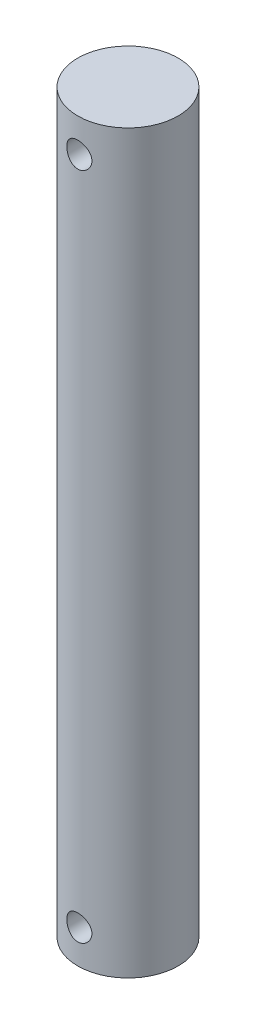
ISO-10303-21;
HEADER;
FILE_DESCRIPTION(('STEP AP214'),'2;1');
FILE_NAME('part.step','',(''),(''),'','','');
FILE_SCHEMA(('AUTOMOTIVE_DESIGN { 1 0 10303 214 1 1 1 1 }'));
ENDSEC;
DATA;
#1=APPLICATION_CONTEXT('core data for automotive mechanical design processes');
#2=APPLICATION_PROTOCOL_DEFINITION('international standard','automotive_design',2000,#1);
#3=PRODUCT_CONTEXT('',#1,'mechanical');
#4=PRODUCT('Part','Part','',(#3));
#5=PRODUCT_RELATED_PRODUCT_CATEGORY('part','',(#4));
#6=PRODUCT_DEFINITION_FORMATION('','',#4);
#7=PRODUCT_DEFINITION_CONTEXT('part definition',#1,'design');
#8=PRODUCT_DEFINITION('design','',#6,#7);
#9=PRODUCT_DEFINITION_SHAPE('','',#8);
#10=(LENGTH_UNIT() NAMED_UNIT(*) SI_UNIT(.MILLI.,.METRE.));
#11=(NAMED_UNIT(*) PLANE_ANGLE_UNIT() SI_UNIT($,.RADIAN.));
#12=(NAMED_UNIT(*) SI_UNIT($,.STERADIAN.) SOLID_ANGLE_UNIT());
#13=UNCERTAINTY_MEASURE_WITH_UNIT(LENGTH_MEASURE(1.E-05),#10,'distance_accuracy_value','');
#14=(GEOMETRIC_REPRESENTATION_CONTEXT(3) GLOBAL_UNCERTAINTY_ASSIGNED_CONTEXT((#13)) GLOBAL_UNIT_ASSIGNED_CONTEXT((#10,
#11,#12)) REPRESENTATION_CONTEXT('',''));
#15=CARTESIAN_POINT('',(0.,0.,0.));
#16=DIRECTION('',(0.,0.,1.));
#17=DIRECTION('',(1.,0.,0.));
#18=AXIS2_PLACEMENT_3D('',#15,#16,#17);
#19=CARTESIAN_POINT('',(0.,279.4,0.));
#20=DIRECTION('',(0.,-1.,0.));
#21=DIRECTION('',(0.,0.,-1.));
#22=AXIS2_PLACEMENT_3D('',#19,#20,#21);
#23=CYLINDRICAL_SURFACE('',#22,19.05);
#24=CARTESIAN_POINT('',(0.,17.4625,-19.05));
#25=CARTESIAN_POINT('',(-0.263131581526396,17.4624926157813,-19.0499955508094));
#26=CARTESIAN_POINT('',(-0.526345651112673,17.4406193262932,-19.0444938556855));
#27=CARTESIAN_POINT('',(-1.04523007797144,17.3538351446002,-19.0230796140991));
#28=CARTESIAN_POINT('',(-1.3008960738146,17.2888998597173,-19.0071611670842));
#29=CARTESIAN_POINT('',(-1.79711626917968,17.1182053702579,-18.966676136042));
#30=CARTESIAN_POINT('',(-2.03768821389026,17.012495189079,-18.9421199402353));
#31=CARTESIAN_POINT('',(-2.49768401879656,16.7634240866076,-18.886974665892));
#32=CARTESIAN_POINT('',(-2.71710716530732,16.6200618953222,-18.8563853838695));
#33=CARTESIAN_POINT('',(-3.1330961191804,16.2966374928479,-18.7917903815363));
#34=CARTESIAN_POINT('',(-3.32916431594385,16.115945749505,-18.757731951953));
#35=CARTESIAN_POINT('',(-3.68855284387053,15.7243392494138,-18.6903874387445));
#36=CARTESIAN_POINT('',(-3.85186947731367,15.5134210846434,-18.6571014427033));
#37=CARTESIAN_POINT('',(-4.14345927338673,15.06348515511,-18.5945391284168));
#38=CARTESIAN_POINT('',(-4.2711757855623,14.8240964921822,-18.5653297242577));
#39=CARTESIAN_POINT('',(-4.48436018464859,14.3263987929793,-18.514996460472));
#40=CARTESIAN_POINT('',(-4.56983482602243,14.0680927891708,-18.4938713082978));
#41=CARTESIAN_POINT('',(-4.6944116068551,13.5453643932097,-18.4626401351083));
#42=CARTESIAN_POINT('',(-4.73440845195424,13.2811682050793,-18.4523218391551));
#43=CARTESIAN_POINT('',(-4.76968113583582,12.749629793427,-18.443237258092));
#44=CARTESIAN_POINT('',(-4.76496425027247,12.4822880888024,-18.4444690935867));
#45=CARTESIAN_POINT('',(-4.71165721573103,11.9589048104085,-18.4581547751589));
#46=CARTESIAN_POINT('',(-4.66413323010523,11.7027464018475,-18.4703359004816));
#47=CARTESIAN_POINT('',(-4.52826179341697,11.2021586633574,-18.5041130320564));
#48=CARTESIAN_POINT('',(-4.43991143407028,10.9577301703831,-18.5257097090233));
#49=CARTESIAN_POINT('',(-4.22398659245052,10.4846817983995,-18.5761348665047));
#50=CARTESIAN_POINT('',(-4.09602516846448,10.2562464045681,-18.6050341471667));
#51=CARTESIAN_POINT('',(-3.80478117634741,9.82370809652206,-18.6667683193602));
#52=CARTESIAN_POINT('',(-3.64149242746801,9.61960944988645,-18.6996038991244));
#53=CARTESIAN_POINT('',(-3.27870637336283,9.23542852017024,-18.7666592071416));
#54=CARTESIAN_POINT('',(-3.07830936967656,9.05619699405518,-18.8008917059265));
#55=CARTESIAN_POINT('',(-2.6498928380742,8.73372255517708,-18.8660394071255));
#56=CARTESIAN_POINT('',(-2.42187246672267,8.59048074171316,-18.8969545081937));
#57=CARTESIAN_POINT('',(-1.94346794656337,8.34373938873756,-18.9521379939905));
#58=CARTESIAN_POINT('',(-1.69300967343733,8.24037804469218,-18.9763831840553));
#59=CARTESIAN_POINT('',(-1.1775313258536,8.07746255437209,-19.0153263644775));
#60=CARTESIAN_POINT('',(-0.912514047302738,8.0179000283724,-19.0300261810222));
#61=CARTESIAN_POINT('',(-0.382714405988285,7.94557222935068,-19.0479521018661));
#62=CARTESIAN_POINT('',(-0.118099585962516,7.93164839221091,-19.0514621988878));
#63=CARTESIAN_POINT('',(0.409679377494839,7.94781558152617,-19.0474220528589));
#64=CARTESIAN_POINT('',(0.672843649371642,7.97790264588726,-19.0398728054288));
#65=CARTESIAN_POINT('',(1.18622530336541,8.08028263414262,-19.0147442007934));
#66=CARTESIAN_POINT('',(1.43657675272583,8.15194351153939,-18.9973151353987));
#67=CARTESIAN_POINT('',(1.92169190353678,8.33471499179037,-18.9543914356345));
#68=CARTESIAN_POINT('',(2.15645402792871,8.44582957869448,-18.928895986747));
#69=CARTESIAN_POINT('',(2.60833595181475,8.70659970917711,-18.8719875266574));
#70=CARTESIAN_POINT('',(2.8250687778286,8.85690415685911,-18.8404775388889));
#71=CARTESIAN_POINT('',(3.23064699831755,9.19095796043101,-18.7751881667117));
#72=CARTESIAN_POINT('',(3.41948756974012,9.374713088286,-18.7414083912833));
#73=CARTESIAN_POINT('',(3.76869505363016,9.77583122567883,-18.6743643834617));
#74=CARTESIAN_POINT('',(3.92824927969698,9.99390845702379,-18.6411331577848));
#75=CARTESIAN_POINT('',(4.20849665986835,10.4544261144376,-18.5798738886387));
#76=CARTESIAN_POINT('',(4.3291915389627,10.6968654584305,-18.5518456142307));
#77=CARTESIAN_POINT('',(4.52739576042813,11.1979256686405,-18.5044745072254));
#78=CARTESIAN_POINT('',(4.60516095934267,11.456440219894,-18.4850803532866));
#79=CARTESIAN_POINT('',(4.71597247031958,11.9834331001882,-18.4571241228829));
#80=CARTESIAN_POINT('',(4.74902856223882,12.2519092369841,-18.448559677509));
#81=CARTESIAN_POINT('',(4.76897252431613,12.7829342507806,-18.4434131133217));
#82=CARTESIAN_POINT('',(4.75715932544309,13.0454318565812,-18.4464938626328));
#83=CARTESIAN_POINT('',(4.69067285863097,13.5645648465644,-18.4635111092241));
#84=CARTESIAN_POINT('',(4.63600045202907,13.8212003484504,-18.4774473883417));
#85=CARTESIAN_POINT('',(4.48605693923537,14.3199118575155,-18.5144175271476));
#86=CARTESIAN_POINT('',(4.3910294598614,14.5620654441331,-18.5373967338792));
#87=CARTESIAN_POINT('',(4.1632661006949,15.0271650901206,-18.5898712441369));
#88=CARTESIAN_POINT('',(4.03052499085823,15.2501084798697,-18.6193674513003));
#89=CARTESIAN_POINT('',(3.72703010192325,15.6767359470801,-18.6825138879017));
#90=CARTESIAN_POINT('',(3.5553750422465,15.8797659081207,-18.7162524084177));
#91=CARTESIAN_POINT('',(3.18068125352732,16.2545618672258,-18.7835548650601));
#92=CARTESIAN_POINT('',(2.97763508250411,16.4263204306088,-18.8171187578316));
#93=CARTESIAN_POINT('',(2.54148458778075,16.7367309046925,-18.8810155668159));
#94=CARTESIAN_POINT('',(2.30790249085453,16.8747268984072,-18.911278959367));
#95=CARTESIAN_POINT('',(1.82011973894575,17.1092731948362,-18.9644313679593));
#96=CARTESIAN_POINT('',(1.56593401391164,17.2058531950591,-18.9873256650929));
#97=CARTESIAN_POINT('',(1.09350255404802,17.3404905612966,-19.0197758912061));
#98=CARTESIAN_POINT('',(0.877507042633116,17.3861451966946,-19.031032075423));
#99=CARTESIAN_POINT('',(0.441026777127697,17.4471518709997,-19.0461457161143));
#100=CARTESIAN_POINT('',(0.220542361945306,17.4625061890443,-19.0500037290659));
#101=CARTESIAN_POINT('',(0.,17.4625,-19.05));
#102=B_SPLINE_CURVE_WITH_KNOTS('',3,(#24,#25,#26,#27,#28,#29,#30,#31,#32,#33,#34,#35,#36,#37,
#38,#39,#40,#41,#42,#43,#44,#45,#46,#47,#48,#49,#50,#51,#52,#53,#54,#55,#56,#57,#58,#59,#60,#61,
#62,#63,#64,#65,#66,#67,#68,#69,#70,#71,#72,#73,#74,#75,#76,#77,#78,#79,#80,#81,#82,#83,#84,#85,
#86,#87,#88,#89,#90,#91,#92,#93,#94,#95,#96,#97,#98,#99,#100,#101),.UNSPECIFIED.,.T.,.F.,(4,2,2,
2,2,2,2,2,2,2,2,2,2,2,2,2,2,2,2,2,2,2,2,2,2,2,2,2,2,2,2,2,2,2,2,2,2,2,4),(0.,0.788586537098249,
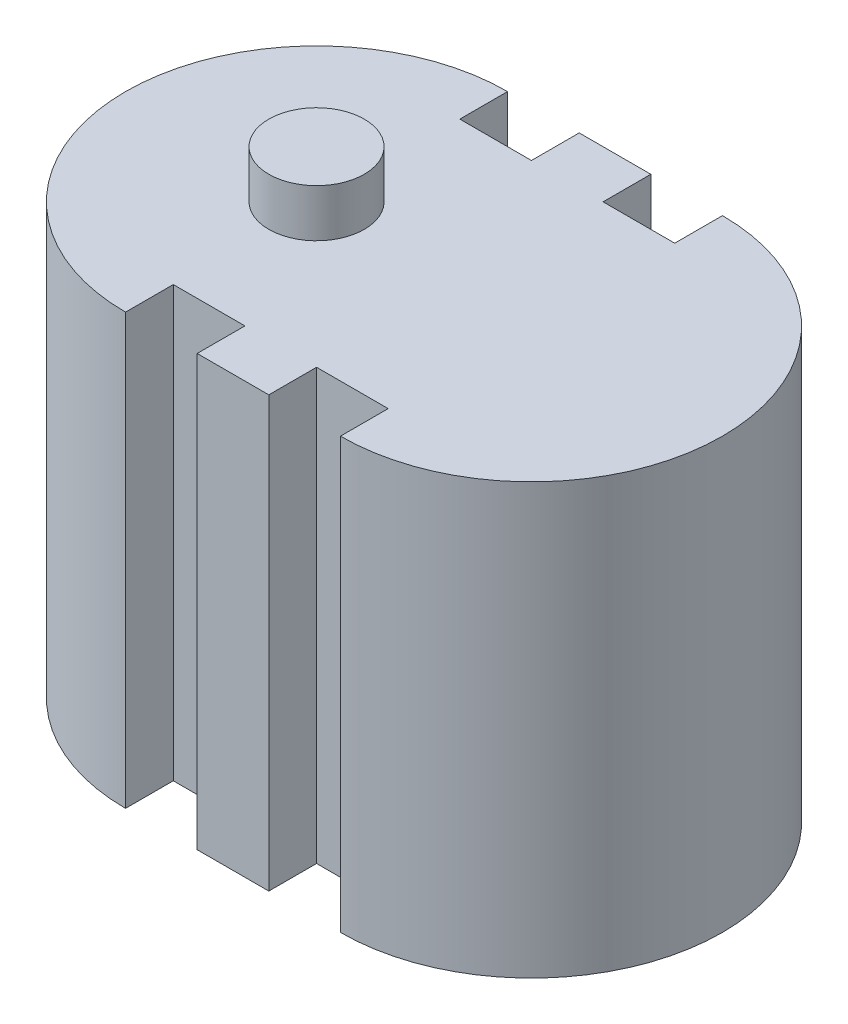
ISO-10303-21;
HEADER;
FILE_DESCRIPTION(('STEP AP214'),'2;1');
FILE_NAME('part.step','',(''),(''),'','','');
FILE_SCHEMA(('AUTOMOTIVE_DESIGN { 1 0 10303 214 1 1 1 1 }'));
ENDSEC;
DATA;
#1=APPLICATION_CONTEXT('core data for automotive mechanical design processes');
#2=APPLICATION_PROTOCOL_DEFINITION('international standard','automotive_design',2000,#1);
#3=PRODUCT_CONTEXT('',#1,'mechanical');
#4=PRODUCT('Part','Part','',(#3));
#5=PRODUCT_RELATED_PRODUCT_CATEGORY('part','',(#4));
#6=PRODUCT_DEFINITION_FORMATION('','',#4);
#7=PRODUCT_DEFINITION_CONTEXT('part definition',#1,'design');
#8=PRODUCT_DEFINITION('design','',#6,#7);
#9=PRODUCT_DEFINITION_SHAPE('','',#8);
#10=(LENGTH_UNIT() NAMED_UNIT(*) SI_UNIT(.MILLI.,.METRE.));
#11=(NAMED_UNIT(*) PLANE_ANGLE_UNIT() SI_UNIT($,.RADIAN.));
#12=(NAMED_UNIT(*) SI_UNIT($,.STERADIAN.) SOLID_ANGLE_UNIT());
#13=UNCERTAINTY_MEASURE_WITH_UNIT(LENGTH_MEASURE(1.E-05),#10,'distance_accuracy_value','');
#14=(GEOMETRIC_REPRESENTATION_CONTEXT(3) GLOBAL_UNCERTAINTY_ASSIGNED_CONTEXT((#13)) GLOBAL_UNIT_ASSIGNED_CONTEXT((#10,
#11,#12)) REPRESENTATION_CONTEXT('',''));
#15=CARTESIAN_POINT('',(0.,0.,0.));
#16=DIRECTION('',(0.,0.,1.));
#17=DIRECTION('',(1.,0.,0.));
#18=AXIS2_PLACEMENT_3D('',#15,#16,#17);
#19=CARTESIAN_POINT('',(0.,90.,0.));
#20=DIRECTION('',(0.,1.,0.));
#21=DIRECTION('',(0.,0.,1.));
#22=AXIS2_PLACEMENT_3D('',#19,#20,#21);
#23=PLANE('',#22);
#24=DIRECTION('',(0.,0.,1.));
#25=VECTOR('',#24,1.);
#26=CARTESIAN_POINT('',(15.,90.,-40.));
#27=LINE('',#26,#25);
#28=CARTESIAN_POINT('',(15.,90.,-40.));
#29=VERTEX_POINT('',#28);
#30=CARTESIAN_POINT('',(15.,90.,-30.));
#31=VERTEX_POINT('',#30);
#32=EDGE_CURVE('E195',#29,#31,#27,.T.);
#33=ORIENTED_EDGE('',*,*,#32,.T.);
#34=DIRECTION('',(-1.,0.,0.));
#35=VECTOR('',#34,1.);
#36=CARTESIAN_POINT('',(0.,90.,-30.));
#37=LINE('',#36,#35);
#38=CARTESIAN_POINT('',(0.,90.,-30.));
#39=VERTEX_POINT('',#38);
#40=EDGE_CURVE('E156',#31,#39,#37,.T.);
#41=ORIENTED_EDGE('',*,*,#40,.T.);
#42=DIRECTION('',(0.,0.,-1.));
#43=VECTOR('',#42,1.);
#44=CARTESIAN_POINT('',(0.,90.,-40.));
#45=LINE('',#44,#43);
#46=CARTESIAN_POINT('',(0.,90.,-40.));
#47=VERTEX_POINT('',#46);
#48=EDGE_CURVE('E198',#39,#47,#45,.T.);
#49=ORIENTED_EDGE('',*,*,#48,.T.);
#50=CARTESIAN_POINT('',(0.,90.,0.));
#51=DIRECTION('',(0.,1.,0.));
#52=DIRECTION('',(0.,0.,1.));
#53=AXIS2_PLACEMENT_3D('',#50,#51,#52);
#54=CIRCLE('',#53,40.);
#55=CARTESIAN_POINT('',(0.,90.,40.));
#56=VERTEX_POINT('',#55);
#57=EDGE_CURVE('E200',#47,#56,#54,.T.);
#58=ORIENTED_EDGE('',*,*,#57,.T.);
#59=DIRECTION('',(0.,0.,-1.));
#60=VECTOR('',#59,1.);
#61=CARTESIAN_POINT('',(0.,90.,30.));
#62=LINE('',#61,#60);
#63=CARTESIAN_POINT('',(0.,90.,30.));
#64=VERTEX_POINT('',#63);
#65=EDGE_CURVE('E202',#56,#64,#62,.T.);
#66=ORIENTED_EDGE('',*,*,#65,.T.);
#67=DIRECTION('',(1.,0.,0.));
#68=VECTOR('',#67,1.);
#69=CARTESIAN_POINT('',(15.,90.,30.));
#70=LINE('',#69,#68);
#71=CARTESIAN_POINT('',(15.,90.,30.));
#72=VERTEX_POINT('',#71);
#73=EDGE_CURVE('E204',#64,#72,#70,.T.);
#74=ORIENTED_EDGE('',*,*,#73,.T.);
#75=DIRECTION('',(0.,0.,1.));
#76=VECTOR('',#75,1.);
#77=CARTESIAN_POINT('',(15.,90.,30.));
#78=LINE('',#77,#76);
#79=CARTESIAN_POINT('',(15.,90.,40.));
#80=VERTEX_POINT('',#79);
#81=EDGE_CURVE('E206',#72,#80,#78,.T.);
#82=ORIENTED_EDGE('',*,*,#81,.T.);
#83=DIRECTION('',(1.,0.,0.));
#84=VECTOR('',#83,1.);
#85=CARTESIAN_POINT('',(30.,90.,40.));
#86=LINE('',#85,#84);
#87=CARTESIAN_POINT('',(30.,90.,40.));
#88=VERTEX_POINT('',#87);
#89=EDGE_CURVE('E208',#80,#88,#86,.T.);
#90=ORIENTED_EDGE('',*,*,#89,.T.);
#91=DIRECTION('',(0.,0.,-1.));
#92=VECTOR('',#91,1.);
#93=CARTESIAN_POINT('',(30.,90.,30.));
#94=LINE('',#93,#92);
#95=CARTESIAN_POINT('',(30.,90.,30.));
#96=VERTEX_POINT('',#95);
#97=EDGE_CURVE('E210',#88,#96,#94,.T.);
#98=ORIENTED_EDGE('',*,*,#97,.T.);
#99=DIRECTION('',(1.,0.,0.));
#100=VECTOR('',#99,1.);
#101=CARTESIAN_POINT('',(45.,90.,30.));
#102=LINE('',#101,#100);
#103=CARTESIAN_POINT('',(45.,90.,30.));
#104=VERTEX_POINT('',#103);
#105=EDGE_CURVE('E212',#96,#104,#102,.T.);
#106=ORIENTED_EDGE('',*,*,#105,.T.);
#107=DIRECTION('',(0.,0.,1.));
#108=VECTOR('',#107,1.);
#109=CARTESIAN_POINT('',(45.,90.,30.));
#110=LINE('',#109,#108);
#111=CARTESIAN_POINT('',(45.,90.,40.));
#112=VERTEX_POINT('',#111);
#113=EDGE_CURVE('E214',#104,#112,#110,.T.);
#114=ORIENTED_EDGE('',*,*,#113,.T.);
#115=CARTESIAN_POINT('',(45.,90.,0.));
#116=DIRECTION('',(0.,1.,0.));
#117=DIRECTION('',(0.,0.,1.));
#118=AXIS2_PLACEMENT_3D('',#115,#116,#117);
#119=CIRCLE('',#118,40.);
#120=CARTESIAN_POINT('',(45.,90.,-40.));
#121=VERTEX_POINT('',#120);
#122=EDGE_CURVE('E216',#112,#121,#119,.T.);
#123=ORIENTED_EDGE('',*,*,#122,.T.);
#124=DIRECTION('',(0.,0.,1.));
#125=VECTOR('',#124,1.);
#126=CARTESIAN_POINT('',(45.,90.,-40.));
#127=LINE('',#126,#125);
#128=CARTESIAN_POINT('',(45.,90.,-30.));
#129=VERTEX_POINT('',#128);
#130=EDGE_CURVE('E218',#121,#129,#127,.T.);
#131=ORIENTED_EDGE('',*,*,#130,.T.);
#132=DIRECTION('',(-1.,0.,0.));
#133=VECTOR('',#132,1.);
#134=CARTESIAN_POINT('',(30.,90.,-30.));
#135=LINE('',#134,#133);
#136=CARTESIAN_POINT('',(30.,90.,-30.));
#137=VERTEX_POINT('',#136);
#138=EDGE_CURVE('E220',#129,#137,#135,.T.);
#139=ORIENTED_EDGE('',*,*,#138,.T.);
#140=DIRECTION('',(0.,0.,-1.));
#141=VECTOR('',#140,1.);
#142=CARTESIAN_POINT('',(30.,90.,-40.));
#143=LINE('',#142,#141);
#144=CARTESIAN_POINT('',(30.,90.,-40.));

-------------------------

▶ **The task**: Reproduce exactly the lines from the one containing "#113=EDGE_CURVE('E214',#104,#112,#110,.T.);" through the last line of the records, both included, and nothing else.

▶ **Exercise answer**:
#113=EDGE_CURVE('E214',#104,#112,#110,.T.);
#114=ORIENTED_EDGE('',*,*,#113,.T.);
#115=CARTESIAN_POINT('',(45.,90.,0.));
#116=DIRECTION('',(0.,1.,0.));
#117=DIRECTION('',(0.,0.,1.));
#118=AXIS2_PLACEMENT_3D('',#115,#116,#117);
#119=CIRCLE('',#118,40.);
#120=CARTESIAN_POINT('',(45.,90.,-40.));
#121=VERTEX_POINT('',#120);
#122=EDGE_CURVE('E216',#112,#121,#119,.T.);
#123=ORIENTED_EDGE('',*,*,#122,.T.);
#124=DIRECTION('',(0.,0.,1.));
#125=VECTOR('',#124,1.);
#126=CARTESIAN_POINT('',(45.,90.,-40.));
#127=LINE('',#126,#125);
#128=CARTESIAN_POINT('',(45.,90.,-30.));
#129=VERTEX_POINT('',#128);
#130=EDGE_CURVE('E218',#121,#129,#127,.T.);
#131=ORIENTED_EDGE('',*,*,#130,.T.);
#132=DIRECTION('',(-1.,0.,0.));
#133=VECTOR('',#132,1.);
#134=CARTESIAN_POINT('',(30.,90.,-30.));
#135=LINE('',#134,#133);
#136=CARTESIAN_POINT('',(30.,90.,-30.));
#137=VERTEX_POINT('',#136);
#138=EDGE_CURVE('E220',#129,#137,#135,.T.);
#139=ORIENTED_EDGE('',*,*,#138,.T.);
#140=DIRECTION('',(0.,0.,-1.));
#141=VECTOR('',#140,1.);
#142=CARTESIAN_POINT('',(30.,90.,-40.));
#143=LINE('',#142,#141);
#144=CARTESIAN_POINT('',(30.,90.,-40.));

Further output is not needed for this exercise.